Data extract:

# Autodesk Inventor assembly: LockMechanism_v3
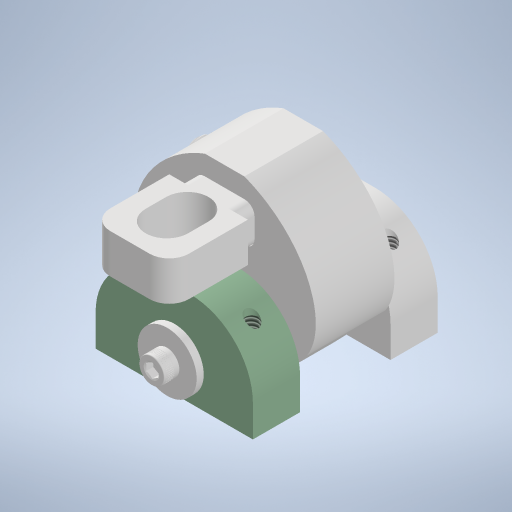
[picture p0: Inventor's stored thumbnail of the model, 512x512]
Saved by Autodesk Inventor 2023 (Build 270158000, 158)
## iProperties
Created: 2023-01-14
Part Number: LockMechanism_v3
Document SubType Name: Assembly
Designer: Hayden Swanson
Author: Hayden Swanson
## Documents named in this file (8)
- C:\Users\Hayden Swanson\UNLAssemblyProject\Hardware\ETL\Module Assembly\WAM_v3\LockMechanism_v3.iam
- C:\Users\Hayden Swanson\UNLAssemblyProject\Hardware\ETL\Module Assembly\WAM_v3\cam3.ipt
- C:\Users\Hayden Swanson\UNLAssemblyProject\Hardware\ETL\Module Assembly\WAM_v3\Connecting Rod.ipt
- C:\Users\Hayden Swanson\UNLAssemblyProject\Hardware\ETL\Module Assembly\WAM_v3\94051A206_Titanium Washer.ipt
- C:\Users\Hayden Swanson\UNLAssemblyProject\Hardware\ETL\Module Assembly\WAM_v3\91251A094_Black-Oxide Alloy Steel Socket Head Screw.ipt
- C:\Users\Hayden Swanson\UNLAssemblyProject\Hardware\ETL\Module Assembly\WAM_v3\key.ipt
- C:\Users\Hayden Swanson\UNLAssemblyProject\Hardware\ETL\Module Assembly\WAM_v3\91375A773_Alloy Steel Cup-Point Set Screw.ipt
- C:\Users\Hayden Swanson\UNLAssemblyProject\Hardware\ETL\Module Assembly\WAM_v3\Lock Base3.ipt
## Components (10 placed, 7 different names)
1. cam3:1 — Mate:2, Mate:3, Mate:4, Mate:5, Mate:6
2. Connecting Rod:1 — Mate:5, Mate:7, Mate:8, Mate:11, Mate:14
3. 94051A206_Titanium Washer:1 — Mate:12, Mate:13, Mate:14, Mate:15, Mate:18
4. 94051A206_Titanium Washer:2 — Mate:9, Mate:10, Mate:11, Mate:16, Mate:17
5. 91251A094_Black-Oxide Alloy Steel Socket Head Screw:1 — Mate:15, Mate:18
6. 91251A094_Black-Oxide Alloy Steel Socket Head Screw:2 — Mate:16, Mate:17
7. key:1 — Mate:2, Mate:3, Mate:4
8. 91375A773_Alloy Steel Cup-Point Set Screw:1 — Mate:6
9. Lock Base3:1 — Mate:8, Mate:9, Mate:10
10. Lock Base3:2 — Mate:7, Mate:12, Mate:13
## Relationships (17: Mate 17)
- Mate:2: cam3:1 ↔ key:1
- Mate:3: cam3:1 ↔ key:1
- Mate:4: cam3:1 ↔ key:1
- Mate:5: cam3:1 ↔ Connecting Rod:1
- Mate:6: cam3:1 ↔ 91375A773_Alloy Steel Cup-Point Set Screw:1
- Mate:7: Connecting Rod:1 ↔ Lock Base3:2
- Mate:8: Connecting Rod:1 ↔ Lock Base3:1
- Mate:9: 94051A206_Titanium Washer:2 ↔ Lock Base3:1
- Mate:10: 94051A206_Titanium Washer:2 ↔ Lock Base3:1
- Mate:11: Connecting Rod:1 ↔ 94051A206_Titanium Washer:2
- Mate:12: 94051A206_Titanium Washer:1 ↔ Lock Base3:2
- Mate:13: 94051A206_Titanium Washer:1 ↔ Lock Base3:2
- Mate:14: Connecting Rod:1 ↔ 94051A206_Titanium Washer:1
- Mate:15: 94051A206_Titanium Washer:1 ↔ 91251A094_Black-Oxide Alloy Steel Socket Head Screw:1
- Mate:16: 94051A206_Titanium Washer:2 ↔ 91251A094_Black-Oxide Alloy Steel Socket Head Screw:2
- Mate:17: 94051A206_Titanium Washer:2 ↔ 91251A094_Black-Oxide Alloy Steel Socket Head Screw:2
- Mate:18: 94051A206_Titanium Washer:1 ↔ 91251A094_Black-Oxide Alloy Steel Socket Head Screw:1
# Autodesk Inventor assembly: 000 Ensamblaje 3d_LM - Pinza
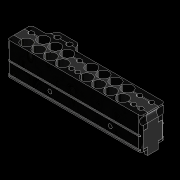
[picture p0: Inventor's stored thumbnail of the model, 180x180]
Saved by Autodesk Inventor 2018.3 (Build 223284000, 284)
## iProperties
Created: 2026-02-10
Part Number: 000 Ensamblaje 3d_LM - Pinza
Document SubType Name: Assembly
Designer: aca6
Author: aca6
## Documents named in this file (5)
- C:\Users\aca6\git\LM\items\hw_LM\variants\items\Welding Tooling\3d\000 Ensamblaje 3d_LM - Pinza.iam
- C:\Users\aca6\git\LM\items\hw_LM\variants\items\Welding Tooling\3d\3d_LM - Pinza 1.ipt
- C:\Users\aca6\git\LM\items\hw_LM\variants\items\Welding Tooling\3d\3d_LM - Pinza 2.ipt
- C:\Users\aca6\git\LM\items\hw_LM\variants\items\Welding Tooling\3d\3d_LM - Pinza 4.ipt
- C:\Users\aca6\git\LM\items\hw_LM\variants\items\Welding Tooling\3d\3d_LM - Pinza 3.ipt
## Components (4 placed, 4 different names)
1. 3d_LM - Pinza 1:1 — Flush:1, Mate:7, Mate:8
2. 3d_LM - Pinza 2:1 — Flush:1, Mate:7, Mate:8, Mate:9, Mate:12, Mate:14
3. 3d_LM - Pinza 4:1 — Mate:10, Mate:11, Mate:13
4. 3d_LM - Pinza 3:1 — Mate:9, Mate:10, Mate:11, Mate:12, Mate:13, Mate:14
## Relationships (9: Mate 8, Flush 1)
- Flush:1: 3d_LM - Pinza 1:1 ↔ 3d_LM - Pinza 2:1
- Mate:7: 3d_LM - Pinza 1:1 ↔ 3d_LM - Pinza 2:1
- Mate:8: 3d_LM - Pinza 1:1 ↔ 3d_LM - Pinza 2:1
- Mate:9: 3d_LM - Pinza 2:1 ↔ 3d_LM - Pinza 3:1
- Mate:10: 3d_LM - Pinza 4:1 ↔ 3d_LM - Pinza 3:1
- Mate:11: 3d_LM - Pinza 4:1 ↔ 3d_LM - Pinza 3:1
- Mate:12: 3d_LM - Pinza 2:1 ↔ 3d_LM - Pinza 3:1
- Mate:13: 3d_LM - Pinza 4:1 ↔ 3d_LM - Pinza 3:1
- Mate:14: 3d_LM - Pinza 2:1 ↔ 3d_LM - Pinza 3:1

About this exercise: Taking the material above, extract exactly and only the lines from the line with "- Mate:10: 94051A206_Titanium" to the line with "- Mate:18: 94051A206_Titanium", inclusive of both.

Solution for this task:
- Mate:10: 94051A206_Titanium Washer:2 ↔ Lock Base3:1
- Mate:11: Connecting Rod:1 ↔ 94051A206_Titanium Washer:2
- Mate:12: 94051A206_Titanium Washer:1 ↔ Lock Base3:2
- Mate:13: 94051A206_Titanium Washer:1 ↔ Lock Base3:2
- Mate:14: Connecting Rod:1 ↔ 94051A206_Titanium Washer:1
- Mate:15: 94051A206_Titanium Washer:1 ↔ 91251A094_Black-Oxide Alloy Steel Socket Head Screw:1
- Mate:16: 94051A206_Titanium Washer:2 ↔ 91251A094_Black-Oxide Alloy Steel Socket Head Screw:2
- Mate:17: 94051A206_Titanium Washer:2 ↔ 91251A094_Black-Oxide Alloy Steel Socket Head Screw:2
- Mate:18: 94051A206_Titanium Washer:1 ↔ 91251A094_Black-Oxide Alloy Steel Socket Head Screw:1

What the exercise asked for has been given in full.